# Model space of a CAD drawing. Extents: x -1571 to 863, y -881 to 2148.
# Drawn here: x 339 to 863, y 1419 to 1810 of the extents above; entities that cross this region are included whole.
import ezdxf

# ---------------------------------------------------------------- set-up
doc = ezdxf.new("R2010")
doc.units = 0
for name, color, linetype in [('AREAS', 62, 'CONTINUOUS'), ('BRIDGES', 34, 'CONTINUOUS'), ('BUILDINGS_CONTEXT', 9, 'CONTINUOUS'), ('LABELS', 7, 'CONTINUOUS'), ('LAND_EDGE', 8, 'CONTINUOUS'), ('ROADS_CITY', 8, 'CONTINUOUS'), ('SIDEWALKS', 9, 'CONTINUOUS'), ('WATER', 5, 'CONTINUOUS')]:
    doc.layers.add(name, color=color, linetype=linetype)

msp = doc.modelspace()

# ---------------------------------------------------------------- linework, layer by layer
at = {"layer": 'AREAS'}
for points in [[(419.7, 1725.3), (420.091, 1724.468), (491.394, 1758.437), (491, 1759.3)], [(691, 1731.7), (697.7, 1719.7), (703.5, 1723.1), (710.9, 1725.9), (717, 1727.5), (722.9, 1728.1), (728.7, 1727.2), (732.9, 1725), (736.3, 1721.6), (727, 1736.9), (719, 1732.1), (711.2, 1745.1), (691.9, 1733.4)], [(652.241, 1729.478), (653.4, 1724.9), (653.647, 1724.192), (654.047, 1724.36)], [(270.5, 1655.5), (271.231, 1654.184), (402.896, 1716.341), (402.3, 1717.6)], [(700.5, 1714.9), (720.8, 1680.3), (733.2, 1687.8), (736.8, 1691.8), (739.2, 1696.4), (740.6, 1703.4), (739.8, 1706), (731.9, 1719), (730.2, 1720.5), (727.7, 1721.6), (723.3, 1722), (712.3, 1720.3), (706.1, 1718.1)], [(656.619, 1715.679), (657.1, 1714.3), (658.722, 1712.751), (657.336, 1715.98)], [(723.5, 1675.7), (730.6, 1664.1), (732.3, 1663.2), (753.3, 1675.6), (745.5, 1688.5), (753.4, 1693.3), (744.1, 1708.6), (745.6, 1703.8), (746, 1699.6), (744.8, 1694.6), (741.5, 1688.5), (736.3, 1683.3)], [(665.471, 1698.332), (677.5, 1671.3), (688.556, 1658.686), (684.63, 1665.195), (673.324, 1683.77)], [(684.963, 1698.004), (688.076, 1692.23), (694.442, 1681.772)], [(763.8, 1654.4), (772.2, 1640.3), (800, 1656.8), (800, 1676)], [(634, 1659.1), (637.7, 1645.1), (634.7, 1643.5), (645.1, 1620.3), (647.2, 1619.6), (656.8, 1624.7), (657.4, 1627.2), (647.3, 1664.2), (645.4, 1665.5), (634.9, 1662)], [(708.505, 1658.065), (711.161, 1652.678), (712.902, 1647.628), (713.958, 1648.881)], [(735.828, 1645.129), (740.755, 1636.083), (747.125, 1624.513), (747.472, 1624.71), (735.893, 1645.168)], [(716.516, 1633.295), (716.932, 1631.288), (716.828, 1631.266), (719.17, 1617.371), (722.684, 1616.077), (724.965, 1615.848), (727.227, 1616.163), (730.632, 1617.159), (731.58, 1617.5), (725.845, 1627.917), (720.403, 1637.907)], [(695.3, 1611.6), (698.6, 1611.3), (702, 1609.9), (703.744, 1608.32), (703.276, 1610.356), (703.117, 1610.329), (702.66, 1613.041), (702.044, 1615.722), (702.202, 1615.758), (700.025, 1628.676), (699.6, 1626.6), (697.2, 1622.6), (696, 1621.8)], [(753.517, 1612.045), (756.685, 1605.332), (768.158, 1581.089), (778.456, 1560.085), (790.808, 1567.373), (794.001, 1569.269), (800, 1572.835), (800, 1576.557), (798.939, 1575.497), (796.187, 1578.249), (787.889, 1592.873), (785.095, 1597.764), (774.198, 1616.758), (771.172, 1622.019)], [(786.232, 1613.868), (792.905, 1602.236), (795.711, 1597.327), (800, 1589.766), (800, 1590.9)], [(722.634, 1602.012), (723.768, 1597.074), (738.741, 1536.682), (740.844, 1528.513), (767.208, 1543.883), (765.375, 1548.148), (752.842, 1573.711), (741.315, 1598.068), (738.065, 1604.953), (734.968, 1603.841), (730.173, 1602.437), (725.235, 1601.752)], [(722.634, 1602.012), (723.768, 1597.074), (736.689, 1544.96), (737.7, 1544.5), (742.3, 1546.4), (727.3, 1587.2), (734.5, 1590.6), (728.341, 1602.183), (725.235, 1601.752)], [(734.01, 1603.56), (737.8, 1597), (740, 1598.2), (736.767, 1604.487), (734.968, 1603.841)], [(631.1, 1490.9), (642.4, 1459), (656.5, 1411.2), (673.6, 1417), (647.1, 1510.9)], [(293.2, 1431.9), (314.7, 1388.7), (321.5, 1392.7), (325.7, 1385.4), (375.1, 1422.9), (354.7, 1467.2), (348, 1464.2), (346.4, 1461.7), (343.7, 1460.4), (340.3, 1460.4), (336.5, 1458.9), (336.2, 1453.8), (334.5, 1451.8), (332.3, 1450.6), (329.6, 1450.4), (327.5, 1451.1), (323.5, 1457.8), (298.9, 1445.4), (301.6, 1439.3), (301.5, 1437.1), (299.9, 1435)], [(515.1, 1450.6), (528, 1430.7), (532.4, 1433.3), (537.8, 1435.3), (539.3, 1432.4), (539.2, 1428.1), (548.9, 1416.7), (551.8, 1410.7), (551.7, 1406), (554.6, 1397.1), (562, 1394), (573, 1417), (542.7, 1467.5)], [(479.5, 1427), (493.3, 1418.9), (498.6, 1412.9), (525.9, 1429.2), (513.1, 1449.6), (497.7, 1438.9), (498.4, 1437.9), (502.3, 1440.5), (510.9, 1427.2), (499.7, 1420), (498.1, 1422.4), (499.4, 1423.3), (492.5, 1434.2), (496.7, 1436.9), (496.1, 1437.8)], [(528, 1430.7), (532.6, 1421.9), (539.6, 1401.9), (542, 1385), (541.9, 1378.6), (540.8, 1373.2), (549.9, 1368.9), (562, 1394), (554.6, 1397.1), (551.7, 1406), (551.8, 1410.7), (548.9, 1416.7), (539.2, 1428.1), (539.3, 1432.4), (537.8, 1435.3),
□ □ □ □ □
Transcribe the listing in full, keeping every line exact.

▶ [ANSWER FOR THIS EXERCISE]
# Model space of a CAD drawing. Extents: x -1571 to 863, y -881 to 2148.
# Drawn here: x 339 to 863, y 1419 to 1810 of the extents above; entities that cross this region are included whole.
import ezdxf

# ---------------------------------------------------------------- set-up
doc = ezdxf.new("R2010")
doc.units = 0
for name, color, linetype in [('AREAS', 62, 'CONTINUOUS'), ('BRIDGES', 34, 'CONTINUOUS'), ('BUILDINGS_CONTEXT', 9, 'CONTINUOUS'), ('LABELS', 7, 'CONTINUOUS'), ('LAND_EDGE', 8, 'CONTINUOUS'), ('ROADS_CITY', 8, 'CONTINUOUS'), ('SIDEWALKS', 9, 'CONTINUOUS'), ('WATER', 5, 'CONTINUOUS')]:
    doc.layers.add(name, color=color, linetype=linetype)

msp = doc.modelspace()

# ---------------------------------------------------------------- linework, layer by layer
at = {"layer": 'AREAS'}
for points in [[(419.7, 1725.3), (420.091, 1724.468), (491.394, 1758.437), (491, 1759.3)], [(691, 1731.7), (697.7, 1719.7), (703.5, 1723.1), (710.9, 1725.9), (717, 1727.5), (722.9, 1728.1), (728.7, 1727.2), (732.9, 1725), (736.3, 1721.6), (727, 1736.9), (719, 1732.1), (711.2, 1745.1), (691.9, 1733.4)], [(652.241, 1729.478), (653.4, 1724.9), (653.647, 1724.192), (654.047, 1724.36)], [(270.5, 1655.5), (271.231, 1654.184), (402.896, 1716.341), (402.3, 1717.6)], [(700.5, 1714.9), (720.8, 1680.3), (733.2, 1687.8), (736.8, 1691.8), (739.2, 1696.4), (740.6, 1703.4), (739.8, 1706), (731.9, 1719), (730.2, 1720.5), (727.7, 1721.6), (723.3, 1722), (712.3, 1720.3), (706.1, 1718.1)], [(656.619, 1715.679), (657.1, 1714.3), (658.722, 1712.751), (657.336, 1715.98)], [(723.5, 1675.7), (730.6, 1664.1), (732.3, 1663.2), (753.3, 1675.6), (745.5, 1688.5), (753.4, 1693.3), (744.1, 1708.6), (745.6, 1703.8), (746, 1699.6), (744.8, 1694.6), (741.5, 1688.5), (736.3, 1683.3)], [(665.471, 1698.332), (677.5, 1671.3), (688.556, 1658.686), (684.63, 1665.195), (673.324, 1683.77)], [(684.963, 1698.004), (688.076, 1692.23), (694.442, 1681.772)], [(763.8, 1654.4), (772.2, 1640.3), (800, 1656.8), (800, 1676)], [(634, 1659.1), (637.7, 1645.1), (634.7, 1643.5), (645.1, 1620.3), (647.2, 1619.6), (656.8, 1624.7), (657.4, 1627.2), (647.3, 1664.2), (645.4, 1665.5), (634.9, 1662)], [(708.505, 1658.065), (711.161, 1652.678), (712.902, 1647.628), (713.958, 1648.881)], [(735.828, 1645.129), (740.755, 1636.083), (747.125, 1624.513), (747.472, 1624.71), (735.893, 1645.168)], [(716.516, 1633.295), (716.932, 1631.288), (716.828, 1631.266), (719.17, 1617.371), (722.684, 1616.077), (724.965, 1615.848), (727.227, 1616.163), (730.632, 1617.159), (731.58, 1617.5), (725.845, 1627.917), (720.403, 1637.907)], [(695.3, 1611.6), (698.6, 1611.3), (702, 1609.9), (703.744, 1608.32), (703.276, 1610.356), (703.117, 1610.329), (702.66, 1613.041), (702.044, 1615.722), (702.202, 1615.758), (700.025, 1628.676), (699.6, 1626.6), (697.2, 1622.6), (696, 1621.8)], [(753.517, 1612.045), (756.685, 1605.332), (768.158, 1581.089), (778.456, 1560.085), (790.808, 1567.373), (794.001, 1569.269), (800, 1572.835), (800, 1576.557), (798.939, 1575.497), (796.187, 1578.249), (787.889, 1592.873), (785.095, 1597.764), (774.198, 1616.758), (771.172, 1622.019)], [(786.232, 1613.868), (792.905, 1602.236), (795.711, 1597.327), (800, 1589.766), (800, 1590.9)], [(722.634, 1602.012), (723.768, 1597.074), (738.741, 1536.682), (740.844, 1528.513), (767.208, 1543.883), (765.375, 1548.148), (752.842, 1573.711), (741.315, 1598.068), (738.065, 1604.953), (734.968, 1603.841), (730.173, 1602.437), (725.235, 1601.752)], [(722.634, 1602.012), (723.768, 1597.074), (736.689, 1544.96), (737.7, 1544.5), (742.3, 1546.4), (727.3, 1587.2), (734.5, 1590.6), (728.341, 1602.183), (725.235, 1601.752)], [(734.01, 1603.56), (737.8, 1597), (740, 1598.2), (736.767, 1604.487), (734.968, 1603.841)], [(631.1, 1490.9), (642.4, 1459), (656.5, 1411.2), (673.6, 1417), (647.1, 1510.9)], [(293.2, 1431.9), (314.7, 1388.7), (321.5, 1392.7), (325.7, 1385.4), (375.1, 1422.9), (354.7, 1467.2), (348, 1464.2), (346.4, 1461.7), (343.7, 1460.4), (340.3, 1460.4), (336.5, 1458.9), (336.2, 1453.8), (334.5, 1451.8), (332.3, 1450.6), (329.6, 1450.4), (327.5, 1451.1), (323.5, 1457.8), (298.9, 1445.4), (301.6, 1439.3), (301.5, 1437.1), (299.9, 1435)], [(515.1, 1450.6), (528, 1430.7), (532.4, 1433.3), (537.8, 1435.3), (539.3, 1432.4), (539.2, 1428.1), (548.9, 1416.7), (551.8, 1410.7), (551.7, 1406), (554.6, 1397.1), (562, 1394), (573, 1417), (542.7, 1467.5)], [(479.5, 1427), (493.3, 1418.9), (498.6, 1412.9), (525.9, 1429.2), (513.1, 1449.6), (497.7, 1438.9), (498.4, 1437.9), (502.3, 1440.5), (510.9, 1427.2), (499.7, 1420), (498.1, 1422.4), (499.4, 1423.3), (492.5, 1434.2), (496.7, 1436.9), (496.1, 1437.8)], [(528, 1430.7), (532.6, 1421.9), (539.6, 1401.9), (542, 1385), (541.9, 1378.6), (540.8, 1373.2), (549.9, 1368.9), (562, 1394), (554.6, 1397.1), (551.7, 1406), (551.8, 1410.7), (548.9, 1416.7), (539.2, 1428.1), (539.3, 1432.4), (537.8, 1435.3),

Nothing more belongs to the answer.